## Dataset extract

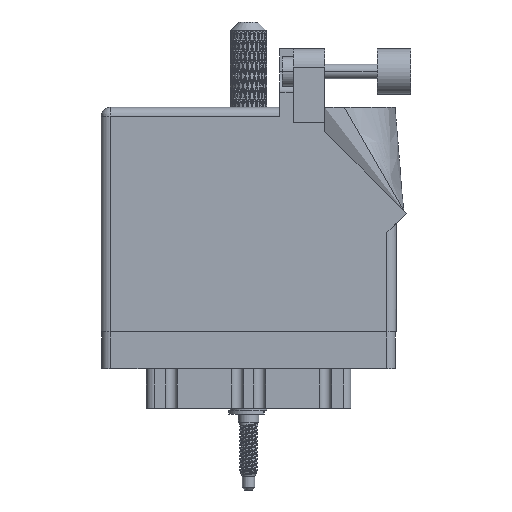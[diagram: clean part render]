
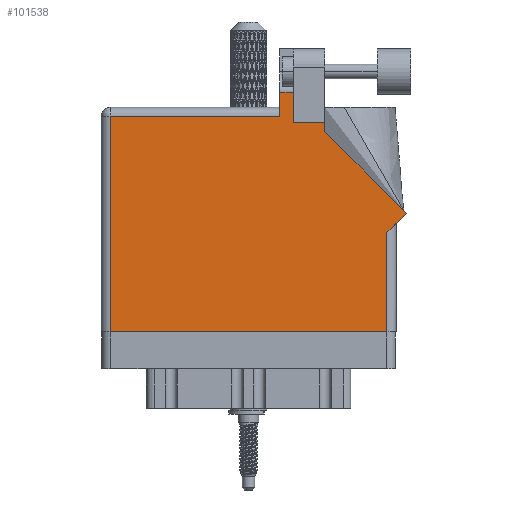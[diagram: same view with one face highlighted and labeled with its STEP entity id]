
A CAD part, front view. The second image highlights one B-rep face of the part: STEP entity #101538.
In plain terms, the highlighted face is planar.
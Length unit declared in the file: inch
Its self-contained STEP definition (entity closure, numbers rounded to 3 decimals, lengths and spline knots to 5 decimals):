
#59 = DIRECTION ( 'NONE',  ( -1., 0., 0. ) ) ;
#2060 = VERTEX_POINT ( 'NONE', #86287 ) ;
#2966 = CARTESIAN_POINT ( 'NONE',  ( 1.948, 0.675, 0. ) ) ;
#5149 = CARTESIAN_POINT ( 'NONE',  ( 2.08071, 0.80771, 0. ) ) ;
#6017 = EDGE_CURVE ( 'NONE', #79848, #96081, #8811, .T. ) ;
#7831 = ORIENTED_EDGE ( 'NONE', *, *, #81977, .T. ) ;
#8289 = CARTESIAN_POINT ( 'NONE',  ( 0., 1.468, 0. ) ) ;
#8692 = CARTESIAN_POINT ( 'NONE',  ( 0.062, 1.468, 0. ) ) ;
#8811 = LINE ( 'NONE', #8289, #60024 ) ;
#11763 = EDGE_CURVE ( 'NONE', #2060, #68552, #32461, .T. ) ;
#12787 = VECTOR ( 'NONE', #89440, 39.37008 ) ;
#12826 = VERTEX_POINT ( 'NONE', #76459 ) ;
#13745 = VECTOR ( 'NONE', #19058, 39.37008 ) ;
#13921 = LINE ( 'NONE', #80703, #87282 ) ;
#13922 = CARTESIAN_POINT ( 'NONE',  ( 0., 1.53, 0. ) ) ;
#14000 = ORIENTED_EDGE ( 'NONE', *, *, #46606, .T. ) ;
#14435 = PLANE ( 'NONE',  #76879 ) ;
#14499 = VECTOR ( 'NONE', #88847, 39.37008 ) ;
#15387 = ORIENTED_EDGE ( 'NONE', *, *, #80254, .T. ) ;
#15699 = LINE ( 'NONE', #31146, #12787 ) ;
#18017 = CARTESIAN_POINT ( 'NONE',  ( 1.524, 1.36442, 0. ) ) ;
#19058 = DIRECTION ( 'NONE',  ( 0., 1., 0. ) ) ;
#19302 = CARTESIAN_POINT ( 'NONE',  ( 1.311, 1.43, 0. ) ) ;
#19380 = LINE ( 'NONE', #28450, #73697 ) ;
#22245 = CARTESIAN_POINT ( 'NONE',  ( 2.08071, 0.80771, 0. ) ) ;
#24450 = EDGE_CURVE ( 'NONE', #85967, #58935, #13921, .T. ) ;
#26199 = ORIENTED_EDGE ( 'NONE', *, *, #64897, .T. ) ;
#26257 = LINE ( 'NONE', #19302, #26749 ) ;
#26749 = VECTOR ( 'NONE', #43212, 39.37008 ) ;
#28450 = CARTESIAN_POINT ( 'NONE',  ( 1.948, 0.737, 0. ) ) ;
#29911 = EDGE_CURVE ( 'NONE', #47731, #33781, #68970, .T. ) ;
#31067 = EDGE_CURVE ( 'NONE', #58935, #2060, #26257, .T. ) ;
#31146 = CARTESIAN_POINT ( 'NONE',  ( 0.062, 0., 0. ) ) ;
#31417 = FACE_OUTER_BOUND ( 'NONE', #61093, .T. ) ;
#32461 = LINE ( 'NONE', #50458, #50585 ) ;
#33781 = VERTEX_POINT ( 'NONE', #96773 ) ;
#35774 = ORIENTED_EDGE ( 'NONE', *, *, #31067, .T. ) ;
#37519 = DIRECTION ( 'NONE',  ( -0.707, 0.707, 0. ) ) ;
#40652 = DIRECTION ( 'NONE',  ( -1., 0., 0. ) ) ;
#43212 = DIRECTION ( 'NONE',  ( 0., 1., 0. ) ) ;
#43459 = ORIENTED_EDGE ( 'NONE', *, *, #24450, .T. ) ;
#45478 = LINE ( 'NONE', #5149, #87457 ) ;
#46606 = EDGE_CURVE ( 'NONE', #12826, #85967, #59933, .T. ) ;
#47731 = VERTEX_POINT ( 'NONE', #70955 ) ;
#50458 = CARTESIAN_POINT ( 'NONE',  ( 1.64177, 1.6315, 0. ) ) ;
#50585 = VECTOR ( 'NONE', #59, 39.37008 ) ;
#50645 = LINE ( 'NONE', #82974, #14499 ) ;
#52094 = VECTOR ( 'NONE', #56704, 39.37008 ) ;
#52248 = EDGE_CURVE ( 'NONE', #102484, #54928, #50645, .T. ) ;
#54928 = VERTEX_POINT ( 'NONE', #22245 ) ;
#56704 = DIRECTION ( 'NONE',  ( 0., -1., 0. ) ) ;
#58935 = VERTEX_POINT ( 'NONE', #88009 ) ;
#59933 = LINE ( 'NONE', #18017, #13745 ) ;
#60024 = VECTOR ( 'NONE', #40652, 39.37008 ) ;
#61093 = EDGE_LOOP ( 'NONE', ( #35774, #104684, #83140, #97493, #15387, #91819, #26199, #81775, #7831, #14000, #43459 ) ) ;
#61824 = DIRECTION ( 'NONE',  ( 0., 1., 0. ) ) ;
#64897 = EDGE_CURVE ( 'NONE', #33781, #102484, #19380, .T. ) ;
#65742 = LINE ( 'NONE', #97522, #52094 ) ;
#68552 = VERTEX_POINT ( 'NONE', #92241 ) ;
#68970 = LINE ( 'NONE', #86425, #104150 ) ;
#70955 = CARTESIAN_POINT ( 'NONE',  ( 0.062, 0., 0. ) ) ;
#73697 = VECTOR ( 'NONE', #61824, 39.37008 ) ;
#76459 = CARTESIAN_POINT ( 'NONE',  ( 1.524, 1.36442, 0. ) ) ;
#76879 = AXIS2_PLACEMENT_3D ( 'NONE', #13922, #94527, #96593 ) ;
#79848 = VERTEX_POINT ( 'NONE', #92431 ) ;
#80254 = EDGE_CURVE ( 'NONE', #96081, #47731, #15699, .T. ) ;
#80703 = CARTESIAN_POINT ( 'NONE',  ( 1.524, 1.43, 0. ) ) ;
#81775 = ORIENTED_EDGE ( 'NONE', *, *, #52248, .T. ) ;
#81977 = EDGE_CURVE ( 'NONE', #54928, #12826, #45478, .T. ) ;
#82974 = CARTESIAN_POINT ( 'NONE',  ( 2.01, 0.737, 0. ) ) ;
#83140 = ORIENTED_EDGE ( 'NONE', *, *, #89285, .T. ) ;
#85967 = VERTEX_POINT ( 'NONE', #93219 ) ;
#86287 = CARTESIAN_POINT ( 'NONE',  ( 1.311, 1.6315, 0. ) ) ;
#86425 = CARTESIAN_POINT ( 'NONE',  ( 0., 0., 0. ) ) ;
#87282 = VECTOR ( 'NONE', #95558, 39.37008 ) ;
#87457 = VECTOR ( 'NONE', #37519, 39.37008 ) ;
#88009 = CARTESIAN_POINT ( 'NONE',  ( 1.311, 1.43, 0. ) ) ;
#88847 = DIRECTION ( 'NONE',  ( 0.707, 0.707, 0. ) ) ;
#89285 = EDGE_CURVE ( 'NONE', #68552, #79848, #65742, .T. ) ;
#89440 = DIRECTION ( 'NONE',  ( 0., -1., 0. ) ) ;
#91819 = ORIENTED_EDGE ( 'NONE', *, *, #29911, .T. ) ;
#92241 = CARTESIAN_POINT ( 'NONE',  ( 1.217, 1.6315, 0. ) ) ;
#92431 = CARTESIAN_POINT ( 'NONE',  ( 1.217, 1.468, 0. ) ) ;
#93219 = CARTESIAN_POINT ( 'NONE',  ( 1.524, 1.43, 0. ) ) ;
#93829 = DIRECTION ( 'NONE',  ( 1., 0., 0. ) ) ;
#94527 = DIRECTION ( 'NONE',  ( 0., 0., -1. ) ) ;
#95558 = DIRECTION ( 'NONE',  ( -1., 0., 0. ) ) ;
#96081 = VERTEX_POINT ( 'NONE', #8692 ) ;
#96593 = DIRECTION ( 'NONE',  ( -1., 0., 0. ) ) ;
#96773 = CARTESIAN_POINT ( 'NONE',  ( 1.948, 0., 0. ) ) ;
#97493 = ORIENTED_EDGE ( 'NONE', *, *, #6017, .T. ) ;
#97522 = CARTESIAN_POINT ( 'NONE',  ( 1.217, 1.53, 0. ) ) ;
#101538 = ADVANCED_FACE ( 'NONE', ( #31417 ), #14435, .F. ) ;
#102484 = VERTEX_POINT ( 'NONE', #2966 ) ;
#104150 = VECTOR ( 'NONE', #93829, 39.37008 ) ;
#104684 = ORIENTED_EDGE ( 'NONE', *, *, #11763, .T. ) ;

## Task to carry out
Send back exactly the lines of the listing above starting at the one with "#8811 = LINE ( 'NONE', #8289, #60024 ) ;" and ending at the one with "#29911 = EDGE_CURVE", inclusive, and no others.

## Answer to the problem
#8811 = LINE ( 'NONE', #8289, #60024 ) ;
#11763 = EDGE_CURVE ( 'NONE', #2060, #68552, #32461, .T. ) ;
#12787 = VECTOR ( 'NONE', #89440, 39.37008 ) ;
#12826 = VERTEX_POINT ( 'NONE', #76459 ) ;
#13745 = VECTOR ( 'NONE', #19058, 39.37008 ) ;
#13921 = LINE ( 'NONE', #80703, #87282 ) ;
#13922 = CARTESIAN_POINT ( 'NONE',  ( 0., 1.53, 0. ) ) ;
#14000 = ORIENTED_EDGE ( 'NONE', *, *, #46606, .T. ) ;
#14435 = PLANE ( 'NONE',  #76879 ) ;
#14499 = VECTOR ( 'NONE', #88847, 39.37008 ) ;
#15387 = ORIENTED_EDGE ( 'NONE', *, *, #80254, .T. ) ;
#15699 = LINE ( 'NONE', #31146, #12787 ) ;
#18017 = CARTESIAN_POINT ( 'NONE',  ( 1.524, 1.36442, 0. ) ) ;
#19058 = DIRECTION ( 'NONE',  ( 0., 1., 0. ) ) ;
#19302 = CARTESIAN_POINT ( 'NONE',  ( 1.311, 1.43, 0. ) ) ;
#19380 = LINE ( 'NONE', #28450, #73697 ) ;
#22245 = CARTESIAN_POINT ( 'NONE',  ( 2.08071, 0.80771, 0. ) ) ;
#24450 = EDGE_CURVE ( 'NONE', #85967, #58935, #13921, .T. ) ;
#26199 = ORIENTED_EDGE ( 'NONE', *, *, #64897, .T. ) ;
#26257 = LINE ( 'NONE', #19302, #26749 ) ;
#26749 = VECTOR ( 'NONE', #43212, 39.37008 ) ;
#28450 = CARTESIAN_POINT ( 'NONE',  ( 1.948, 0.737, 0. ) ) ;
#29911 = EDGE_CURVE ( 'NONE', #47731, #33781, #68970, .T. ) ;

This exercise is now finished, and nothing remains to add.